Automated Research Article Classification and Recommendation Using NLP and ML
Shadikur Rahman, Hasibul Karim Shanto, Umme Ayman Koana, Syed Muhammad Danish
TL;DR
The paper tackles information overload in scholarly literature by proposing an automated NLP/ML framework that jointly classifies articles and recommends related work. It benchmarks multiple text representations (TF-IDF, Count Vectorizer, Sentence-BERT, USE, Mirror-BERT) across several classifiers (LR, SVM, NB, RF, GBRT, kNN) on a large arXiv corpus, finding that Logistic Regression with TF-IDF achieves the best accuracy at 0.69. A cosine-similarity–based recommender operates on vectorized article representations to retrieve related papers, enabling scalable literature discovery. The work demonstrates a data-driven, end-to-end approach that improves efficiency in navigating vast digital libraries and provides a foundation for future enhancements with larger datasets and transformer-based models.
Abstract
In the digital era, the exponential growth of scientific publications has made it increasingly difficult for researchers to efficiently identify and access relevant work. This paper presents an automated framework for research article classification and recommendation that leverages Natural Language Processing (NLP) techniques and machine learning. Using a large-scale arXiv.org dataset spanning more than three decades, we evaluate multiple feature extraction approaches (TF--IDF, Count Vectorizer, Sentence-BERT, USE, Mirror-BERT) in combination with diverse machine learning classifiers (Logistic Regression, SVM, Naïve Bayes, Random Forest, Gradient Boosted Trees, and k-Nearest Neighbour).
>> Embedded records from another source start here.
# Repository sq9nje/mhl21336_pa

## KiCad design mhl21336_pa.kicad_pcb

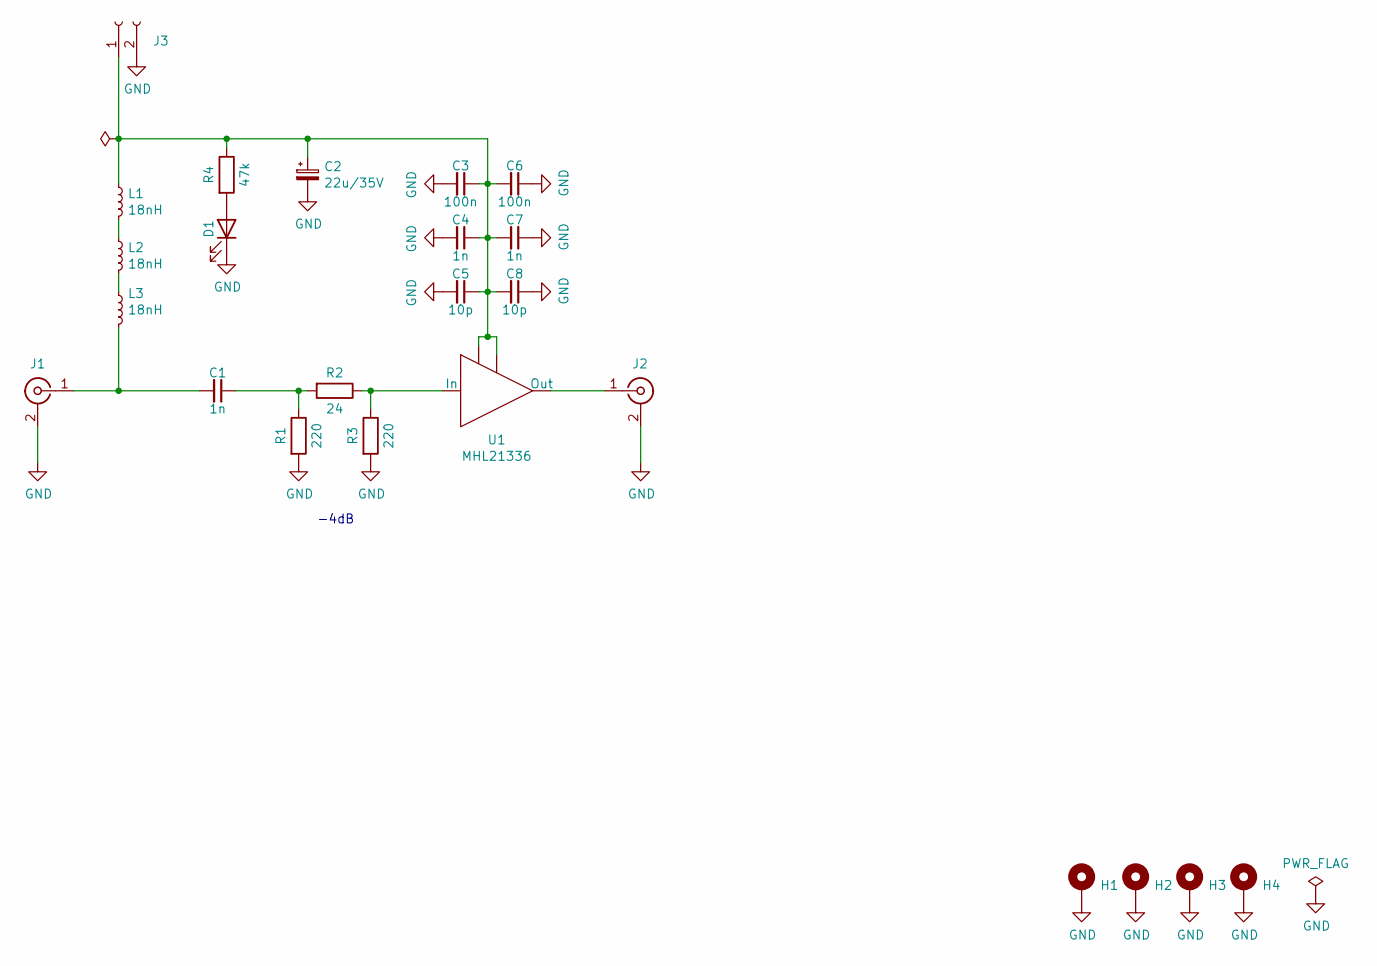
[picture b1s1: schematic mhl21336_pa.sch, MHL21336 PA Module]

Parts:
C1: 1n; C_0805_2012Metric_Pad1.18x1.45mm_HandSolder
C2: 22u/35V; CP_EIA-7343-31_Kemet-D_Pad2.25x2.55mm_HandSolder
C3, C6: 100n; C_0603_1608Metric_Pad1.08x0.95mm_HandSolder
C4, C7: 1n; C_0603_1608Metric_Pad1.08x0.95mm_HandSolder
C5, C8: 10p; C_0603_1608Metric_Pad1.08x0.95mm_HandSolder
D1: LED; LED_0805_2012Metric_Pad1.15x1.40mm_HandSolder
H1, H2, H3, H4: MountingHole_Pad; MountingHole_3.2mm_M3_DIN965_Pad
J1, J2: Conn_Coaxial; SMA_Samtec_SMA-J-P-X-ST-EM1_EdgeMount
J3: Conn_01x02_Female; JST_XH_B2B-XH-A_1x02_P2.50mm_Vertical
L1, L2, L3: 18nH; L_0603_1608Metric_Pad1.05x0.95mm_HandSolder
R1, R3: 220; R_0805_2012Metric_Pad1.20x1.40mm_HandSolder
R2: 24; R_0805_2012Metric_Pad1.20x1.40mm_HandSolder
R4: 47k; R_0805_2012Metric_Pad1.20x1.40mm_HandSolder
U1: MHL21336

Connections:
GND: C2.2, C3.2, C4.2, C5.2, C6.1, C7.1, C8.1, D1.1 (K), H1.1, H2.1, H3.1, H4.1, J1.2 (Ext), J2.2 (Ext), J3.2, R1.2, R3.2
unnamed: C1.1, R1.1, R2.2
unnamed: C1.2, J1.1 (In), L3.2
unnamed: C2.1, C3.1, C4.1, C5.1, C6.2, C7.2, C8.2, J3.1, L1.1, R4.1, U1.2 (Vdd1), U1.3 (Vdd2)
unnamed: D1.2 (A), R4.2
unnamed: J2.1 (In), U1.4 (Out)
unnamed: L1.2, L2.1
unnamed: L2.2, L3.1
unnamed: R2.1, R3.1, U1.1 (In)

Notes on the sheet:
-4dB

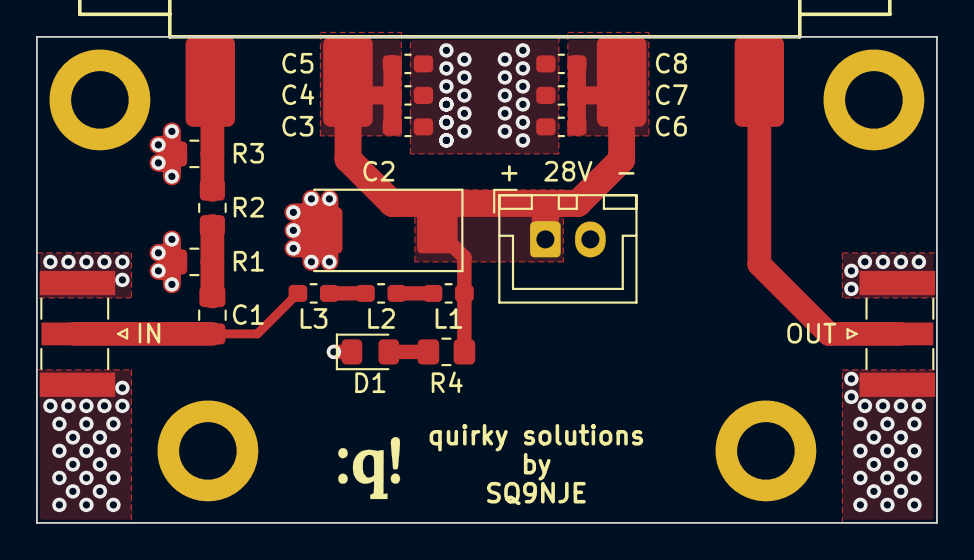
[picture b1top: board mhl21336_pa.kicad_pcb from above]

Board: 2 copper layers, 50.0 x 27.0 mm, 25 parts (0 on the bottom side), 9 nets.

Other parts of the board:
Ref**: Val**; qs_logo

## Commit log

2021-01-30 MHL21336 PA Module
2021-09-06 Interactive BOM
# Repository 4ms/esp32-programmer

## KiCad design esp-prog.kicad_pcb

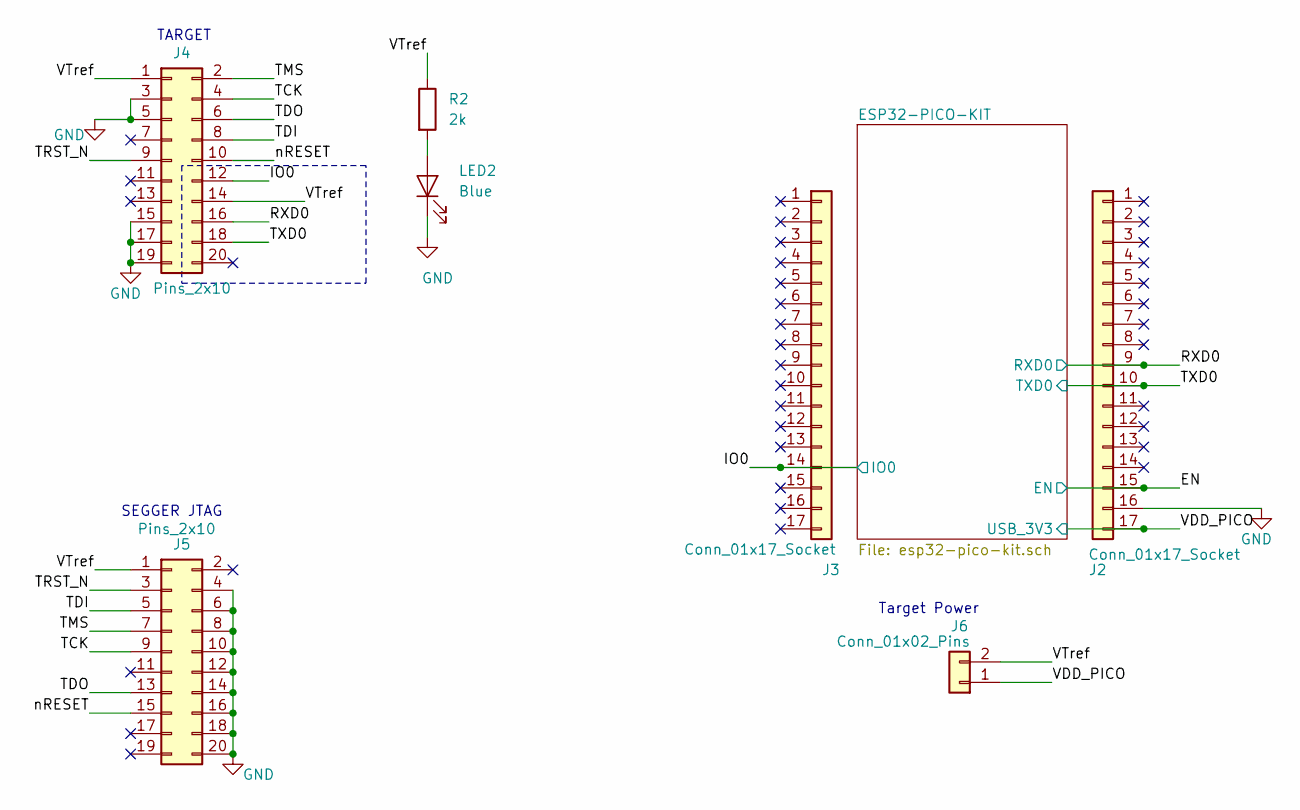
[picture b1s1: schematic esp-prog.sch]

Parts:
J2, J3: Conn_01x17_Socket; PinSocket_1x17_P2.54mm_Vertical
J4: Pins_2x10; Pins_2x10_1.27mm_SMT_Trace
J5: Pins_2x10; PinHeader_2x10_P2.54mm_Vertical
J6: Conn_01x02_Pins; Pins_1x02_2.54mm_TH
LED2: Blue; LED_0603_1608Metric
R2: 2k; R_0603

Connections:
/EN: J2.15; also elsewhere on the board
/IO0: J3.14, J4.12; also elsewhere on the board
/RXD0: J2.9, J4.16; also elsewhere on the board
/TCK: J4.4, J5.9
/TDI: J4.8, J5.5
/TDO: J4.6, J5.13
/TMS: J4.2, J5.7
/TRST_N: J4.9, J5.3
/TXD0: J2.10, J4.18; also elsewhere on the board
/VDD_PICO: J2.17, J6.1; also elsewhere on the board
/VTref: J4.1, J4.14, J5.1, J6.2, R2.1
/nRESET: J4.10, J5.15
GND: J2.16, J4.3, J4.5, J4.15, J4.17, J4.19, J5.4, J5.6, J5.8, J5.10, J5.12, J5.14, J5.16, J5.18, J5.20, LED2.1 (K); also elsewhere on the board
unnamed: LED2.2 (A), R2.2

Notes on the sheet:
Target Power
SEGGER JTAG
TARGET

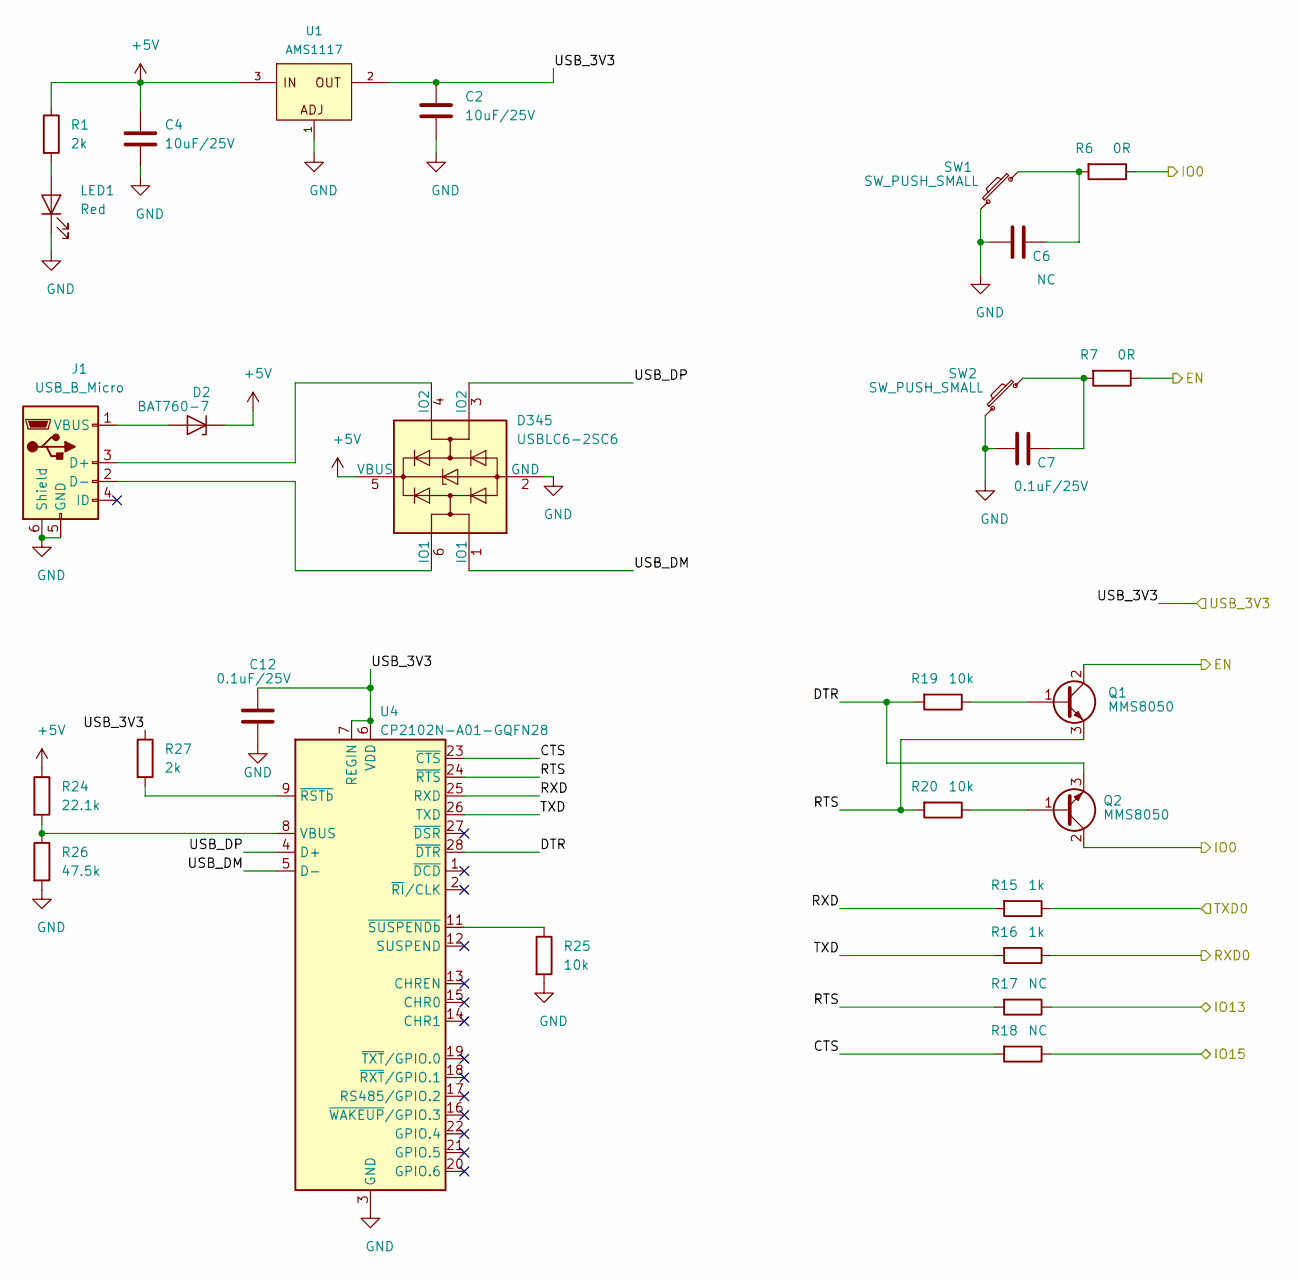
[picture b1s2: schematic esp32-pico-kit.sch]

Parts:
C2, C4: 10uF/25V; C_0603
C6: NC; C_0603
C7, C12: 0.1uF/25V; C_0603
D2: BAT760-7; D_SOD-323F
D345: USBLC6-2SC6; SOT-23-6
J1: USB_B_Micro; USB_Micro-B_Molex-105017-0001
LED1: Red; LED_0603_1608Metric
Q1, Q2: MMS8050; SOT23-3_PO123
R1, R27: 2k; R_0603
R6, R7: 0R; R_0603
R15, R16: 1k; R_0603
R17, R18: NC; R_0603
R19, R20, R25: 10k; R_0603
R24: 22.1k; R_0603
R26: 47.5k; R_0603
SW1, SW2: SW_PUSH_SMALL; Button_Tact_PTS540
U1: AMS1117; SOT223
U4: CP2102N-A01-GQFN28; QFN-28-1EP_5x5mm_P0.5mm_EP3.35x3.35mm

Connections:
+5V: C4.1, D2.1 (K), D345.5 (VBUS), R1.1, R24.1, U1.3 (IN)
/EN: Q1.2 (C), R7.1; also elsewhere on the board
/ESP32-PICO-KIT/CTS: R18.2, U4.23 (~CTS)
/ESP32-PICO-KIT/DTR: Q2.3 (E), R19.2, U4.28 (~DTR)
/ESP32-PICO-KIT/IO13: R17.1
/ESP32-PICO-KIT/IO15: R18.1
/ESP32-PICO-KIT/RTS: Q1.3 (E), R17.2, R20.2, U4.24 (~RTS)
/ESP32-PICO-KIT/RXD: R15.2, U4.25 (RXD)
/ESP32-PICO-KIT/TXD: R16.2, U4.26 (TXD)
/ESP32-PICO-KIT/USB_DM: D345.1 (IO1), U4.5 (D-)
/ESP32-PICO-KIT/USB_DP: D345.3 (IO2), U4.4 (D+)
/IO0: Q2.2 (C), R6.1; also elsewhere on the board
/RXD0: R16.1; also elsewhere on the board
/TXD0: R15.1; also elsewhere on the board
/VDD_PICO: C2.1, C12.1, R27.1, U1.2 (OUT), U4.6 (VDD), U4.7 (REGIN); also elsewhere on the board
GND: C2.2, C4.2, C6.1, C7.1, C12.2, D345.2 (GND), J1.5 (GND), J1.6 (Shield), LED1.1 (K), R25.2, R26.2, SW1.1, SW2.1, U1.1 (ADJ), U4.3 (GND), U4.29 (GND); also elsewhere on the board
unnamed: C6.2, R6.2, SW1.2
unnamed: C7.2, R7.2, SW2.2
unnamed: D2.2 (A), J1.1 (VBUS)
unnamed: D345.4 (IO2), J1.3 (D+)
unnamed: D345.6 (IO1), J1.2 (D-)
unnamed: LED1.2 (A), R1.2
unnamed: Q1.1 (B), R19.1
unnamed: Q2.1 (B), R20.1
unnamed: R24.2, R26.1, U4.8 (VBUS)
unnamed: R25.1, U4.11 (~SUSPENDb)
unnamed: R27.2, U4.9 (~RSTb)

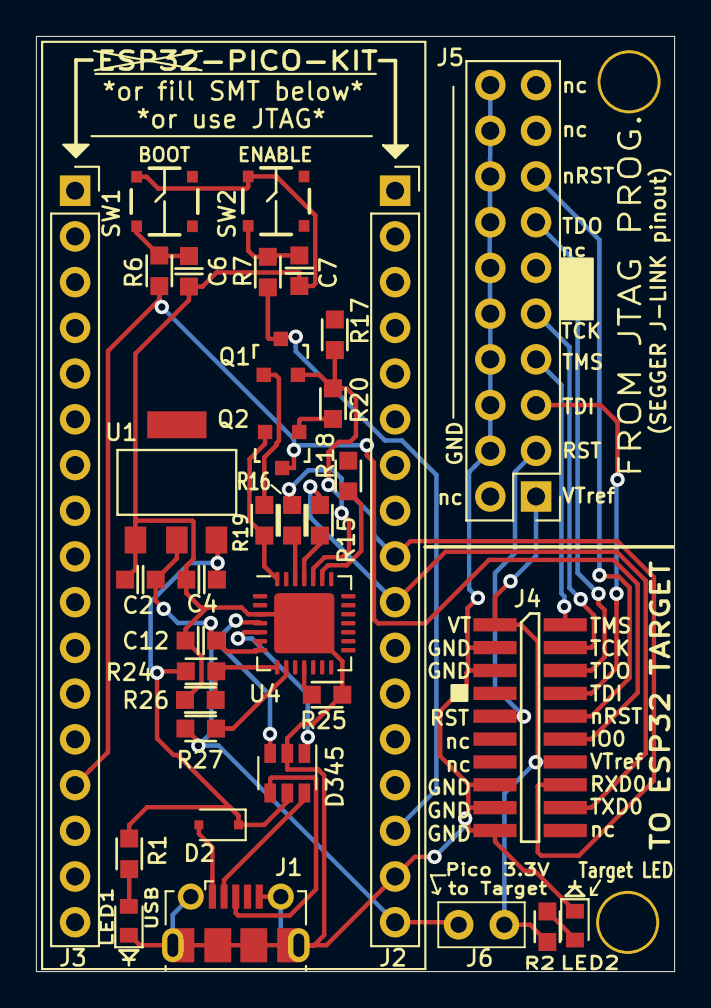
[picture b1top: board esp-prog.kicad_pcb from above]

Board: 2 copper layers, 35.5 x 51.9 mm, 37 parts (0 on the bottom side), 33 nets.

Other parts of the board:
M?: 561-###TAB; MountingHole_XXXTAB_AdhesiveBase
M?#2: 561-###TAB; MountingHole_XXXTAB_AdhesiveBase

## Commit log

2020-02-25 Initial commit: layout is WIP
2020-02-26 few more traces
2020-02-26 Finished layout
2020-02-28 Final cleanup of silk. Created gerbers (oshpark ordered)

Our experiments show that Logistic Regression with TF--IDF consistently yields the best classification performance, achieving an accuracy of 69\%. To complement classification, we incorporate a recommendation module based on the cosine similarity of vectorized articles, enabling efficient retrieval of related research papers. The proposed system directly addresses the challenge of information overload in digital libraries and demonstrates a scalable, data-driven solution to support literature discovery.